Records contained in a dataset:
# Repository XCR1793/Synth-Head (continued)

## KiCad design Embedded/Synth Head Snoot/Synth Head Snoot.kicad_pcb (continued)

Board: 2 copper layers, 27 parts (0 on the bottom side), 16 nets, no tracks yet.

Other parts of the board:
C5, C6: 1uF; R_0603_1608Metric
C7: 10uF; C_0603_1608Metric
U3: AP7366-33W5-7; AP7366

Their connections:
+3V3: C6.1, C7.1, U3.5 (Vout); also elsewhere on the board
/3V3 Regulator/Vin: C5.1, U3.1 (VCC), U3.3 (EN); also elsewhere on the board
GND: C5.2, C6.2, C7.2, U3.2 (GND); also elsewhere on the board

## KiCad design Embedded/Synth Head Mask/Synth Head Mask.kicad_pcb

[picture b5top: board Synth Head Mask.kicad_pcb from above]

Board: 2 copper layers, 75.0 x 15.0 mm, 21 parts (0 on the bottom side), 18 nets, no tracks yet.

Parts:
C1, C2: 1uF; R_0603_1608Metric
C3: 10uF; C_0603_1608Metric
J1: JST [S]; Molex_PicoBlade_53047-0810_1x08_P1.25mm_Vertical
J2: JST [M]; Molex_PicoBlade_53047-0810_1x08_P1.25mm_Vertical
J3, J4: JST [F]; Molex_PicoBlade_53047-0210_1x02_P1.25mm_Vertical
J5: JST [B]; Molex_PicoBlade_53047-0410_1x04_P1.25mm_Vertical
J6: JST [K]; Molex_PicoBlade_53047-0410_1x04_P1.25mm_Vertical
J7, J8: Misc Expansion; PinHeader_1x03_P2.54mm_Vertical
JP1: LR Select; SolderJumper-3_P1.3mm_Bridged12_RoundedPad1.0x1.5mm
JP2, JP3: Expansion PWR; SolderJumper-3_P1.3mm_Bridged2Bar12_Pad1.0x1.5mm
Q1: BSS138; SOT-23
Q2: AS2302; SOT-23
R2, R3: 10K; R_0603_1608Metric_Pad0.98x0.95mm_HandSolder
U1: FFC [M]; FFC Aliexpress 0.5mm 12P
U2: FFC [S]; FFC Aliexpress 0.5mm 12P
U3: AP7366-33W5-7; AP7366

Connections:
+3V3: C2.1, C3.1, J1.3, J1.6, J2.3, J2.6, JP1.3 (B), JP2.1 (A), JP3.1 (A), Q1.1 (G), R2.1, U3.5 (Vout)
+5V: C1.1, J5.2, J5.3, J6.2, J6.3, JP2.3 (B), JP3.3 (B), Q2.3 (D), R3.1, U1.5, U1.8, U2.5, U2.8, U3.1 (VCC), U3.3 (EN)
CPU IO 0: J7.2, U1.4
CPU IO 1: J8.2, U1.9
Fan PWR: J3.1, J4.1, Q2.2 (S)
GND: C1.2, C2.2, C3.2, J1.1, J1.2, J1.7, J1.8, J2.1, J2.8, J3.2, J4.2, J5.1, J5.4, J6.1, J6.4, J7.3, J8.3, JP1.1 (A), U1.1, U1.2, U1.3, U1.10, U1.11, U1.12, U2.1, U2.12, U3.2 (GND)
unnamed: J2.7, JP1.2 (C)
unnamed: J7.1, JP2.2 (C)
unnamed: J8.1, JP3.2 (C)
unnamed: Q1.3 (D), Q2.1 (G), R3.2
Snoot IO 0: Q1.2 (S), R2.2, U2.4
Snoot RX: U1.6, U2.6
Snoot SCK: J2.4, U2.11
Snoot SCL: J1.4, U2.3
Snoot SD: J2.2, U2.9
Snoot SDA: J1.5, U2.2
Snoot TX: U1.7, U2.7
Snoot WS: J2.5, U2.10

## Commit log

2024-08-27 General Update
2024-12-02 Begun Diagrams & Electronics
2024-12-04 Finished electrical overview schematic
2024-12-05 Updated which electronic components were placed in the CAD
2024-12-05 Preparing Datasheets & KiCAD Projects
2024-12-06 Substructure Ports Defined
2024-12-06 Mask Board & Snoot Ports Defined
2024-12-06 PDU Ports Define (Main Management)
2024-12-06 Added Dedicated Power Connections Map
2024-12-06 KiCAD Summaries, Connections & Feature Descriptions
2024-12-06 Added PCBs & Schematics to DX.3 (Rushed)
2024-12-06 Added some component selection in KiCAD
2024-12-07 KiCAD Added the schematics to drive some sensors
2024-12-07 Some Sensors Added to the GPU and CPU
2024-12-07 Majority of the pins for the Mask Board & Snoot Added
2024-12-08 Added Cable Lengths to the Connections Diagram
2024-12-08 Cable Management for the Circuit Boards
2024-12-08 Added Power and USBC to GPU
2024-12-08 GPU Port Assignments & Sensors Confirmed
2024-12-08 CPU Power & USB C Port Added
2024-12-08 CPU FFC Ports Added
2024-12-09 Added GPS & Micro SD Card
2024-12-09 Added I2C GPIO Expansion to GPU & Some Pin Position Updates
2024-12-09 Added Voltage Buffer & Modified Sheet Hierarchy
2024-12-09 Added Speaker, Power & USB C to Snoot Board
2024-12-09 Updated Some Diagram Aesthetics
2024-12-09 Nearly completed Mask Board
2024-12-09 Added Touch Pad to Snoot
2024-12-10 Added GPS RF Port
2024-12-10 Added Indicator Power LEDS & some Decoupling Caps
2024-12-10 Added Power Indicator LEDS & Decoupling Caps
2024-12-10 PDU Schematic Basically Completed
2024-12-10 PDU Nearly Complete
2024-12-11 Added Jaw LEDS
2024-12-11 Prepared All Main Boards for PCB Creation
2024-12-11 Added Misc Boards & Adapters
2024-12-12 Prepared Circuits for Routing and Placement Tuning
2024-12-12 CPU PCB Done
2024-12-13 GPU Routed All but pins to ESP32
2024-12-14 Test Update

[TASK INSTRUCTIONS] Reproduce exactly what appears from the line containing "2024-12-09 Nearly completed Mask Board" down to the final line of the data.

[ANSWER TO THIS PROBLEM]
2024-12-09 Nearly completed Mask Board
2024-12-09 Added Touch Pad to Snoot
2024-12-10 Added GPS RF Port
2024-12-10 Added Indicator Power LEDS & some Decoupling Caps
2024-12-10 Added Power Indicator LEDS & Decoupling Caps
2024-12-10 PDU Schematic Basically Completed
2024-12-10 PDU Nearly Complete
2024-12-11 Added Jaw LEDS
2024-12-11 Prepared All Main Boards for PCB Creation
2024-12-11 Added Misc Boards & Adapters
2024-12-12 Prepared Circuits for Routing and Placement Tuning
2024-12-12 CPU PCB Done
2024-12-13 GPU Routed All but pins to ESP32
2024-12-14 Test Update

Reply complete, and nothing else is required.